WORKING DATA:

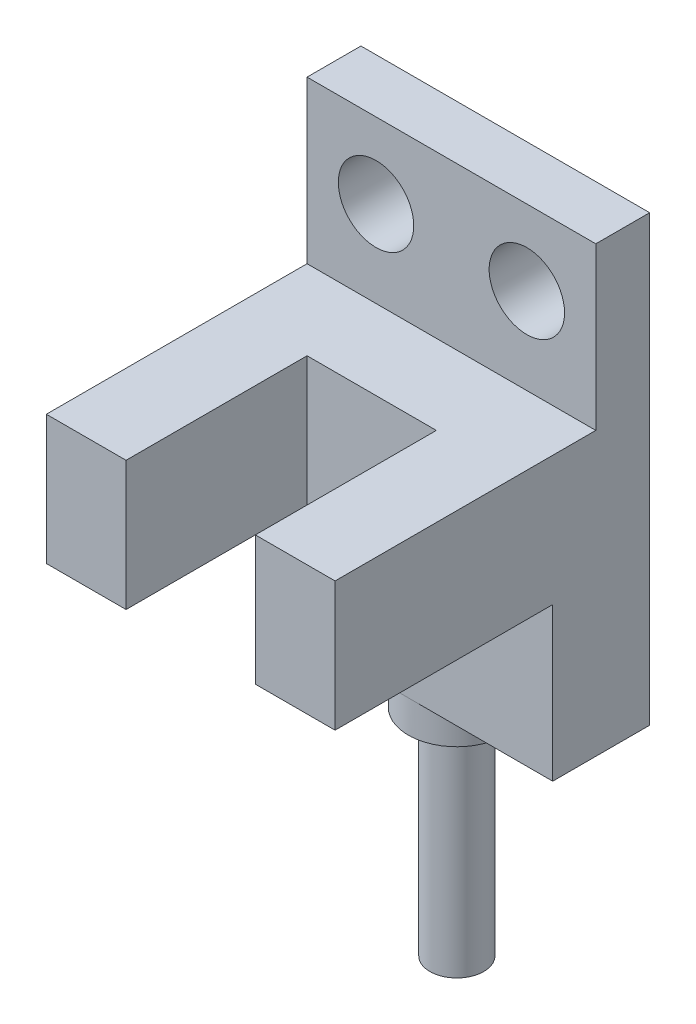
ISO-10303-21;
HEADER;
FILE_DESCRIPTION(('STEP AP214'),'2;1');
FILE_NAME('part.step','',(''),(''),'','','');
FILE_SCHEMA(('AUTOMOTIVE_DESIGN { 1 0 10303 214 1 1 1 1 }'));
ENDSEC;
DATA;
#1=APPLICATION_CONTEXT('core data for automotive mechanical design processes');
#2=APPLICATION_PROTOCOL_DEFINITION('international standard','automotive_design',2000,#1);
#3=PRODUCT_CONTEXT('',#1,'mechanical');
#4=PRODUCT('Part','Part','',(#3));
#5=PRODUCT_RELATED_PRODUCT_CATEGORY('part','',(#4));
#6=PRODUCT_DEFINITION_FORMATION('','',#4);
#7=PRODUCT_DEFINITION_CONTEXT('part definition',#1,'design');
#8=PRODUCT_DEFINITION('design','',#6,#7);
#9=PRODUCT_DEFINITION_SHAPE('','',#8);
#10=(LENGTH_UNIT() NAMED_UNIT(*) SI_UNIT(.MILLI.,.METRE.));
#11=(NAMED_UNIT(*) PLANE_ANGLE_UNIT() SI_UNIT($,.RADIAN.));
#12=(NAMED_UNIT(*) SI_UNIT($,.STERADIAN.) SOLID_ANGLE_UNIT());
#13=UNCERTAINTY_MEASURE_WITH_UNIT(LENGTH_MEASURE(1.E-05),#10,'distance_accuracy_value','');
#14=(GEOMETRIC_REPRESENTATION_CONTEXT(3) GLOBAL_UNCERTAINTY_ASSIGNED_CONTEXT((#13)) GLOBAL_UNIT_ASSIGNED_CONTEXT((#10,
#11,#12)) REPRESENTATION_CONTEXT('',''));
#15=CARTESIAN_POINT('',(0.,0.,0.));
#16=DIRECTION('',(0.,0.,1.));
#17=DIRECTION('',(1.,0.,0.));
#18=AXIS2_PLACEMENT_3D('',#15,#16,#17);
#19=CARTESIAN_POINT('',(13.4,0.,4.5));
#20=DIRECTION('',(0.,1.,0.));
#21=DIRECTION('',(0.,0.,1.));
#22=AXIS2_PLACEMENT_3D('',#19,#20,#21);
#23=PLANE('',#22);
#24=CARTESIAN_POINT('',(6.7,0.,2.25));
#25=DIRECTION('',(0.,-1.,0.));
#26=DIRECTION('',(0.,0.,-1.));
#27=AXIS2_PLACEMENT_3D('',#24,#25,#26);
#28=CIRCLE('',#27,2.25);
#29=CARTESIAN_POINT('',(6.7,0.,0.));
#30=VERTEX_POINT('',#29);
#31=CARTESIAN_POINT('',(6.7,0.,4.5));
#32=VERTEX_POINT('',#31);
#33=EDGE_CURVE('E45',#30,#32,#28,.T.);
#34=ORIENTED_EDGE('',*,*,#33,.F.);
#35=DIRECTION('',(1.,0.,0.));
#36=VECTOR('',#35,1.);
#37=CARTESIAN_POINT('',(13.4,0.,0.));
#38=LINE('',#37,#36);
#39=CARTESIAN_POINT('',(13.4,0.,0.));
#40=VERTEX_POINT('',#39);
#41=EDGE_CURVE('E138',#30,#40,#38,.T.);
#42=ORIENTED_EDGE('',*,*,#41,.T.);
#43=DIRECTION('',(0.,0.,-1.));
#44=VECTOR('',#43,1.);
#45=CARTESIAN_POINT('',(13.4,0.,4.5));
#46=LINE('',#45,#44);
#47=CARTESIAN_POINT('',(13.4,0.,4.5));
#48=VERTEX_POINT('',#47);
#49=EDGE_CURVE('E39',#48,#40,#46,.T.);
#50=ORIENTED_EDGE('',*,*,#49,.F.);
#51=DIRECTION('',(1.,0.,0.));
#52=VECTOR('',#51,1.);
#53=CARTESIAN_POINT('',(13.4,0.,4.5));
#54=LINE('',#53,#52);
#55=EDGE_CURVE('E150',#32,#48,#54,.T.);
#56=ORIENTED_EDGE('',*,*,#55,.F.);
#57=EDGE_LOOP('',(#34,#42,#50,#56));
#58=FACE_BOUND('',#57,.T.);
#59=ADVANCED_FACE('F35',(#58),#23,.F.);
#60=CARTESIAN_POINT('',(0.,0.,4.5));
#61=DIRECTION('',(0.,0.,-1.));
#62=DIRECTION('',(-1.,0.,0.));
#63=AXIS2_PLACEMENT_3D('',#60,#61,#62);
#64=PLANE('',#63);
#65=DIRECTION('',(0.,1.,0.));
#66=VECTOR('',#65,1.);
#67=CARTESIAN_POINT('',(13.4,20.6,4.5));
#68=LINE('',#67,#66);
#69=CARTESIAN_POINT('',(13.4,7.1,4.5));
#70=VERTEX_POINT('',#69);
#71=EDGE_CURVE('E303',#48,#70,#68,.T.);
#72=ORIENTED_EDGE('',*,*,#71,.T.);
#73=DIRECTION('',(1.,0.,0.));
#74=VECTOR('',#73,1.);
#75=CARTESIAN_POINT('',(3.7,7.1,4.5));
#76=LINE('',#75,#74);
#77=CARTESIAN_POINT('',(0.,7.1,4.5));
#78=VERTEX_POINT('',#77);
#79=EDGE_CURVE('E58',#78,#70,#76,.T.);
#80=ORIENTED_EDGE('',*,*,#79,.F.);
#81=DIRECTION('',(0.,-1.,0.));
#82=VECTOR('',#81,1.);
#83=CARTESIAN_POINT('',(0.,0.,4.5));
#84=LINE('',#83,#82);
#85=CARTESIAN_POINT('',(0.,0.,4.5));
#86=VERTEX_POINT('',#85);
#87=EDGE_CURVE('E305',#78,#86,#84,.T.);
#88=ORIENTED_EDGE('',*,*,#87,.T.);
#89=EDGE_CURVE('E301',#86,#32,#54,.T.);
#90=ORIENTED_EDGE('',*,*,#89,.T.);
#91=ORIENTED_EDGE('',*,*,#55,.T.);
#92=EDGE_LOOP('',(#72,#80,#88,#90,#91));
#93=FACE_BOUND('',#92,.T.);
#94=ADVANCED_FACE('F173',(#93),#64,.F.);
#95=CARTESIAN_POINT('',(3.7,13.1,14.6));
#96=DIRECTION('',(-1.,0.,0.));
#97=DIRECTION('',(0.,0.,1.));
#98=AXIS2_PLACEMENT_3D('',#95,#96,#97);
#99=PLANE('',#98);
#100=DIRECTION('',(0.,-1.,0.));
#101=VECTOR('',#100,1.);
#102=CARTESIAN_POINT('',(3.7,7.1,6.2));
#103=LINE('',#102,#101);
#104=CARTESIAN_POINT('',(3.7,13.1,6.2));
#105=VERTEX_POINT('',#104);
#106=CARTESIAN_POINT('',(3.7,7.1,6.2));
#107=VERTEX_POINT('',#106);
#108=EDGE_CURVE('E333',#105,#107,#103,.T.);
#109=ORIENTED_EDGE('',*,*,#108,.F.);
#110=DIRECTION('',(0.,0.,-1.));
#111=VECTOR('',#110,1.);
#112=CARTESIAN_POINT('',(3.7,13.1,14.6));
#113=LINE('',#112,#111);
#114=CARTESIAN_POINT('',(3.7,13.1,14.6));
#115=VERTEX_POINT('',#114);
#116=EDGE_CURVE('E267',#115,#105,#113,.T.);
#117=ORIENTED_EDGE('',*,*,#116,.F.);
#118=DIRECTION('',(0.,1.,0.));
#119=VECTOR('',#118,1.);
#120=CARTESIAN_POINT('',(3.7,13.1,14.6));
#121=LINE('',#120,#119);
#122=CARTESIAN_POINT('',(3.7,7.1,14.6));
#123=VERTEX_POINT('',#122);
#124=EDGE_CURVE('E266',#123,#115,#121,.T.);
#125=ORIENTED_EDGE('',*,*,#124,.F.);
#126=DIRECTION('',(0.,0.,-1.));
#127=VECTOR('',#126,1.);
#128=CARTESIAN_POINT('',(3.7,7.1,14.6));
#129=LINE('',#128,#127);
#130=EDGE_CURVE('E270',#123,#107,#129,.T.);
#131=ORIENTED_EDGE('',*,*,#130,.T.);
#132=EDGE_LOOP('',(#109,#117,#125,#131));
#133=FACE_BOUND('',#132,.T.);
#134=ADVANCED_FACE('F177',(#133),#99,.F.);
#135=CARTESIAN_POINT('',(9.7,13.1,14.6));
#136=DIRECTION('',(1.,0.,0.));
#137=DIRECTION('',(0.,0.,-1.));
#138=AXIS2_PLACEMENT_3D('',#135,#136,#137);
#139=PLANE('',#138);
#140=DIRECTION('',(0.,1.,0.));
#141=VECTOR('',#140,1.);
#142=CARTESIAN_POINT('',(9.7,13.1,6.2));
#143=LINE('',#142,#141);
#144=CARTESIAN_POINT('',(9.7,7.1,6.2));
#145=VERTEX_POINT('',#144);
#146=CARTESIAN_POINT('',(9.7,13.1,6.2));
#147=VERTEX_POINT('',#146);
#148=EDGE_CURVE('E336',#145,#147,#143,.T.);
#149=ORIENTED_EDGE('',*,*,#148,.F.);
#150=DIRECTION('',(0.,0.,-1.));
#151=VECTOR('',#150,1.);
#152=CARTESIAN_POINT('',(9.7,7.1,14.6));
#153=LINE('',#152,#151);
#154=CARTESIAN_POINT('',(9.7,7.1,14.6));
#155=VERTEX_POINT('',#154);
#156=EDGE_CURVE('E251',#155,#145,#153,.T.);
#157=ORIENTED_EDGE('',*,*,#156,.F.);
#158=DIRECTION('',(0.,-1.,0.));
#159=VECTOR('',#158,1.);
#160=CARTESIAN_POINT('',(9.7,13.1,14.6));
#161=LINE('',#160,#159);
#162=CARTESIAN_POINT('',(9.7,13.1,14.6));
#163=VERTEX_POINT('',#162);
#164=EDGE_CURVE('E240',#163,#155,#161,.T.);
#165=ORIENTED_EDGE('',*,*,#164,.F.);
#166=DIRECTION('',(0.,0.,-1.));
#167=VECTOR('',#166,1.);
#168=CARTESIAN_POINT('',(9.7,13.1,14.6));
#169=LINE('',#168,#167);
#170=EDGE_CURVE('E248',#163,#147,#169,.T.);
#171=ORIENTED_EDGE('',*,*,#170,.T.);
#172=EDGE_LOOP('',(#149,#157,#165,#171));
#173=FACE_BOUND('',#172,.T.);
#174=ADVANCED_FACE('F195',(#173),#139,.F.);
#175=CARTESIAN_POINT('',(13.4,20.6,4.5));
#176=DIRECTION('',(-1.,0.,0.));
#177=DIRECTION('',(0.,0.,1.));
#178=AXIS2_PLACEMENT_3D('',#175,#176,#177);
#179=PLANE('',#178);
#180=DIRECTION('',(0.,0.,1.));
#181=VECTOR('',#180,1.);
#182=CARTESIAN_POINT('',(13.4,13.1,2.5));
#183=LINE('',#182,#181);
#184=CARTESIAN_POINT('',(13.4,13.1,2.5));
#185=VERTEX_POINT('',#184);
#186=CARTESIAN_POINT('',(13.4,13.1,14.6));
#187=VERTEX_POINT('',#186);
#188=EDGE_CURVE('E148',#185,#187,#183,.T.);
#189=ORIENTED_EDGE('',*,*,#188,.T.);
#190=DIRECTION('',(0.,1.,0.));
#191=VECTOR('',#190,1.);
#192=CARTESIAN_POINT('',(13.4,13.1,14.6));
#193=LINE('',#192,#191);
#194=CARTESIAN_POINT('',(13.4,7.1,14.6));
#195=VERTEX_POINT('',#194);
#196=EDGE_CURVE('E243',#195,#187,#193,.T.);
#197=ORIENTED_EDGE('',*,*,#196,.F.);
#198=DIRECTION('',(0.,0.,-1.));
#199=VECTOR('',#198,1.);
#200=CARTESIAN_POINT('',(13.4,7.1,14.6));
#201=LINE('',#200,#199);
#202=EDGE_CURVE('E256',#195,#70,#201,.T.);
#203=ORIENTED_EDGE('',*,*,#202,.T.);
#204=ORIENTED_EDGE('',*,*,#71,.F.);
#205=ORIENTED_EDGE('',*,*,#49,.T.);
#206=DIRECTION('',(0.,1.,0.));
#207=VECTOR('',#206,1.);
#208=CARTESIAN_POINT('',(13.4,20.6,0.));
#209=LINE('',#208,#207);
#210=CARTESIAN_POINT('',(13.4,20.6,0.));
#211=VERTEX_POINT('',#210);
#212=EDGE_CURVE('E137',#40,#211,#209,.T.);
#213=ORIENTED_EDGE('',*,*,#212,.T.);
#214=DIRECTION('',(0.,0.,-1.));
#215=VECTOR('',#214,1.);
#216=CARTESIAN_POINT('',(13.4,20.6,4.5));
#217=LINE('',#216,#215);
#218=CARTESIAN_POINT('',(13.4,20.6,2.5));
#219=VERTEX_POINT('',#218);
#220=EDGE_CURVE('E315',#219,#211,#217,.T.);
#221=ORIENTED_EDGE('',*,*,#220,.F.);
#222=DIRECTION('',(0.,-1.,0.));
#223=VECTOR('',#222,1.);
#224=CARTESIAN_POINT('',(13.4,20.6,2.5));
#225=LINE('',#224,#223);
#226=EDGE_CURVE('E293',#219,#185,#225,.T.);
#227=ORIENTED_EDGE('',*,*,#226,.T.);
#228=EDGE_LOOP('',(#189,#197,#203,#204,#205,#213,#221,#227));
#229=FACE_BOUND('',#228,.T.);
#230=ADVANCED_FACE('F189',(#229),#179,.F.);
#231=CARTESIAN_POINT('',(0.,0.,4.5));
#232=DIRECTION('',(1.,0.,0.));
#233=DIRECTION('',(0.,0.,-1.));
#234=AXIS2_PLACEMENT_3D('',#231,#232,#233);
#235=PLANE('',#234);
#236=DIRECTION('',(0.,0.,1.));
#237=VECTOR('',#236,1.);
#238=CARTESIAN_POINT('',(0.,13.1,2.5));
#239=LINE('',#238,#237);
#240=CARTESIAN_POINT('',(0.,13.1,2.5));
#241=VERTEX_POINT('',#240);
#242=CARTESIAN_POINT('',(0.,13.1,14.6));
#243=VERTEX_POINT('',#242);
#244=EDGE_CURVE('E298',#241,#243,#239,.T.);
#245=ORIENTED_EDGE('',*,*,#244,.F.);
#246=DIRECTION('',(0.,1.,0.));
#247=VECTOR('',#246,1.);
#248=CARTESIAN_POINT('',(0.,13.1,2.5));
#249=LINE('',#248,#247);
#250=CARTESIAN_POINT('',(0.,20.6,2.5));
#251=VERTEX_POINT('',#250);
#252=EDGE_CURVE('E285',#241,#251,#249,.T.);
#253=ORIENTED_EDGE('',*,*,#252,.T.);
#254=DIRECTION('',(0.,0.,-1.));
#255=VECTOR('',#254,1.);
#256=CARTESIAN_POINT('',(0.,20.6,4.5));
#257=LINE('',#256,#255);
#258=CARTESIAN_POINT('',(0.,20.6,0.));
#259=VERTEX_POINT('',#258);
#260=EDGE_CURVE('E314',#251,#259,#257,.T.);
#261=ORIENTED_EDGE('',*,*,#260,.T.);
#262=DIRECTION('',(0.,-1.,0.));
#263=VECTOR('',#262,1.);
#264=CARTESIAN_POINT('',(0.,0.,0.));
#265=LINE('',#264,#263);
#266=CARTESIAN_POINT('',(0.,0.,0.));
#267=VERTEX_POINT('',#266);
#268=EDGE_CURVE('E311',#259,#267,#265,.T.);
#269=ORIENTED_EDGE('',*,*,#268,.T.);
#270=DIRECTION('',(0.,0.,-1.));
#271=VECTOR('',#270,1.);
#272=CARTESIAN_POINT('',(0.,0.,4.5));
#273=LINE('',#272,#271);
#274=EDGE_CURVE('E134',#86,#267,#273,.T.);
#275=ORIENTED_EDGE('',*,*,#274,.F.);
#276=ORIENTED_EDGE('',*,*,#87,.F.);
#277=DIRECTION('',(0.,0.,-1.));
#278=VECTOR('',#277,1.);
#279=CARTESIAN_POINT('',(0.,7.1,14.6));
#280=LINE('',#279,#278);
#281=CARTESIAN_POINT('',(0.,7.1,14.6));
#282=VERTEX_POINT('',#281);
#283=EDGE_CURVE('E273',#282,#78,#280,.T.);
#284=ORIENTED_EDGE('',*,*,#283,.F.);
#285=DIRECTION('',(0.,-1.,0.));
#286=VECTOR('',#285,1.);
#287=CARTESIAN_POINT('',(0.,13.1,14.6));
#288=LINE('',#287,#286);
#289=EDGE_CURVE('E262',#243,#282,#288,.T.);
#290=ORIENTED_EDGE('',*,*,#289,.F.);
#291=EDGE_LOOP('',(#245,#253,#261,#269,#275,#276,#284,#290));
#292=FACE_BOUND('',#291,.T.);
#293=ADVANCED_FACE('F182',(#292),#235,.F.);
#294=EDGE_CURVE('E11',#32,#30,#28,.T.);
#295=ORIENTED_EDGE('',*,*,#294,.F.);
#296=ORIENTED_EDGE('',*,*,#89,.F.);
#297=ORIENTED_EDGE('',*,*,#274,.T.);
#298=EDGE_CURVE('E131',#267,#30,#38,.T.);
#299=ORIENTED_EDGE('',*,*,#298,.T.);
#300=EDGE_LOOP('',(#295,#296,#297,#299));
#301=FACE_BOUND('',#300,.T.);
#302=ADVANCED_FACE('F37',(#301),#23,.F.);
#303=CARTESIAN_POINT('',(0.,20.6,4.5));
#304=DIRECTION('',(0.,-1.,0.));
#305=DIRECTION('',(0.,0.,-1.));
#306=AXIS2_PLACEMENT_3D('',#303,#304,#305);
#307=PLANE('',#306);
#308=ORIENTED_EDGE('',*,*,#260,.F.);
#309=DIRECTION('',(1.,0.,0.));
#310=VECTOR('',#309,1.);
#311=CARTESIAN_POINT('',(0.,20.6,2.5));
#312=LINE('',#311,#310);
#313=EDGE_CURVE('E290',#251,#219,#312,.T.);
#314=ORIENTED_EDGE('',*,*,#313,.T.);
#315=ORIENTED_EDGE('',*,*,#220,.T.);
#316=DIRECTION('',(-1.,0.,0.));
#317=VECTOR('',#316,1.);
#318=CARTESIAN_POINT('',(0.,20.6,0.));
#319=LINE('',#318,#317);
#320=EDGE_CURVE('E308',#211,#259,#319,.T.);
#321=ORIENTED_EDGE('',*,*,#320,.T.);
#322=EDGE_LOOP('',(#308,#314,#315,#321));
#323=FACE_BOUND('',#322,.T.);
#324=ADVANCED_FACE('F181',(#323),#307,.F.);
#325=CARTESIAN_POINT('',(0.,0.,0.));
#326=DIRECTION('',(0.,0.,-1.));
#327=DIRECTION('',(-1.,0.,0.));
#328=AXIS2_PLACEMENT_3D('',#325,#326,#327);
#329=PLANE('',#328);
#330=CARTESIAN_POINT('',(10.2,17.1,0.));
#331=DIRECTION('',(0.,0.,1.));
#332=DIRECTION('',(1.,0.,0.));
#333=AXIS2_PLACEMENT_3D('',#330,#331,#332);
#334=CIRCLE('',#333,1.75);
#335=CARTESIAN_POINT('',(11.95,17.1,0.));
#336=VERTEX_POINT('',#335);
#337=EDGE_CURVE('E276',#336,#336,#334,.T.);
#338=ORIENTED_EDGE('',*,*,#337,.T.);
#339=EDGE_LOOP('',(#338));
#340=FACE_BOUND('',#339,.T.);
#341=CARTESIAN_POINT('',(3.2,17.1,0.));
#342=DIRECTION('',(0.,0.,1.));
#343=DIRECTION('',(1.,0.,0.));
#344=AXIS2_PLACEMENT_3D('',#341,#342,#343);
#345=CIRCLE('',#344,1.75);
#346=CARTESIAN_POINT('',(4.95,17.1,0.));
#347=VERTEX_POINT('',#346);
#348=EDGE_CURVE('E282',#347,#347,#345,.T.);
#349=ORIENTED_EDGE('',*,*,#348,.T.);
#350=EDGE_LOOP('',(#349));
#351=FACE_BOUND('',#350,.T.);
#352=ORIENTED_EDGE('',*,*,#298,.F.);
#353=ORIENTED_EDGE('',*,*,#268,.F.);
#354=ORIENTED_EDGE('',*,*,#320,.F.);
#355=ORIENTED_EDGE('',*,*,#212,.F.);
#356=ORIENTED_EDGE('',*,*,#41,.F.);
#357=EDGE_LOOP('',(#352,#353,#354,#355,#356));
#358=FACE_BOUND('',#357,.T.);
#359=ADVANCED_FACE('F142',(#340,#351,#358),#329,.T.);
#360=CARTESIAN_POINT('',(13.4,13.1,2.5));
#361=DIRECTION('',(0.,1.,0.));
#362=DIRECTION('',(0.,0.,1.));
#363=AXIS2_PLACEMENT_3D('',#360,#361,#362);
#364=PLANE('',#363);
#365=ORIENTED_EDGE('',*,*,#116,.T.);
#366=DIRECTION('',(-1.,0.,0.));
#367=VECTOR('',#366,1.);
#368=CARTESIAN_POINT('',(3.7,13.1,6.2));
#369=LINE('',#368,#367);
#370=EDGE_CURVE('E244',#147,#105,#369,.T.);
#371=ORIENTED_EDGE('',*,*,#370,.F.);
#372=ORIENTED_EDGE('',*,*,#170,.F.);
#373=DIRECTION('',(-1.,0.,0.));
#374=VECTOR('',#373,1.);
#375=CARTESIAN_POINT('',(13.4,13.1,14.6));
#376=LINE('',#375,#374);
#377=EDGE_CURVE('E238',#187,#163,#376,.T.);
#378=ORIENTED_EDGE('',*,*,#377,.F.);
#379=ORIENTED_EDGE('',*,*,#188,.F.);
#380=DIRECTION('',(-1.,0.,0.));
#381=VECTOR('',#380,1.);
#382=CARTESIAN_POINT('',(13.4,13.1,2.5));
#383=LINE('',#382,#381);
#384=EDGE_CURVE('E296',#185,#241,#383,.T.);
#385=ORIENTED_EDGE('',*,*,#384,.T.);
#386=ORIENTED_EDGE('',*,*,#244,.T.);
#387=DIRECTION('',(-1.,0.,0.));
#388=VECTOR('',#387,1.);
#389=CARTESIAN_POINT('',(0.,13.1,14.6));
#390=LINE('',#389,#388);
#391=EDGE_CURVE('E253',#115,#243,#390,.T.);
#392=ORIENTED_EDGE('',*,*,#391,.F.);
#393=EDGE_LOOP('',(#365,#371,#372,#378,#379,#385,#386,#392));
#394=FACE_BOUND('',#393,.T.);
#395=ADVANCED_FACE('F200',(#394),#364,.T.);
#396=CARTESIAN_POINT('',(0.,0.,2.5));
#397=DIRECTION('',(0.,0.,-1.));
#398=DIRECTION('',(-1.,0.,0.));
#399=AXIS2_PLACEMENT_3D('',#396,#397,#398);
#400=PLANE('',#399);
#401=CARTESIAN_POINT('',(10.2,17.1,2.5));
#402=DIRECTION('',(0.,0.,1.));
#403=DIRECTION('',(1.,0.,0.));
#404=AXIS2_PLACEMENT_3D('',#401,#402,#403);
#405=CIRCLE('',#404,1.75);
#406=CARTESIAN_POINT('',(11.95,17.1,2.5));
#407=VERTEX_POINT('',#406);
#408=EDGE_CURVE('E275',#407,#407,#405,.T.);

WORK INSTRUCTION: Would you copy out exactly the lines above that start at the one containing "#53=CARTESIAN_POINT('',(13.4,0.,4.5));" and end at the one containing "#67=CARTESIAN_POINT('',(13.4,20.6,4.5));", inclusive?

TASK RESULT:
#53=CARTESIAN_POINT('',(13.4,0.,4.5));
#54=LINE('',#53,#52);
#55=EDGE_CURVE('E150',#32,#48,#54,.T.);
#56=ORIENTED_EDGE('',*,*,#55,.F.);
#57=EDGE_LOOP('',(#34,#42,#50,#56));
#58=FACE_BOUND('',#57,.T.);
#59=ADVANCED_FACE('F35',(#58),#23,.F.);
#60=CARTESIAN_POINT('',(0.,0.,4.5));
#61=DIRECTION('',(0.,0.,-1.));
#62=DIRECTION('',(-1.,0.,0.));
#63=AXIS2_PLACEMENT_3D('',#60,#61,#62);
#64=PLANE('',#63);
#65=DIRECTION('',(0.,1.,0.));
#66=VECTOR('',#65,1.);
#67=CARTESIAN_POINT('',(13.4,20.6,4.5));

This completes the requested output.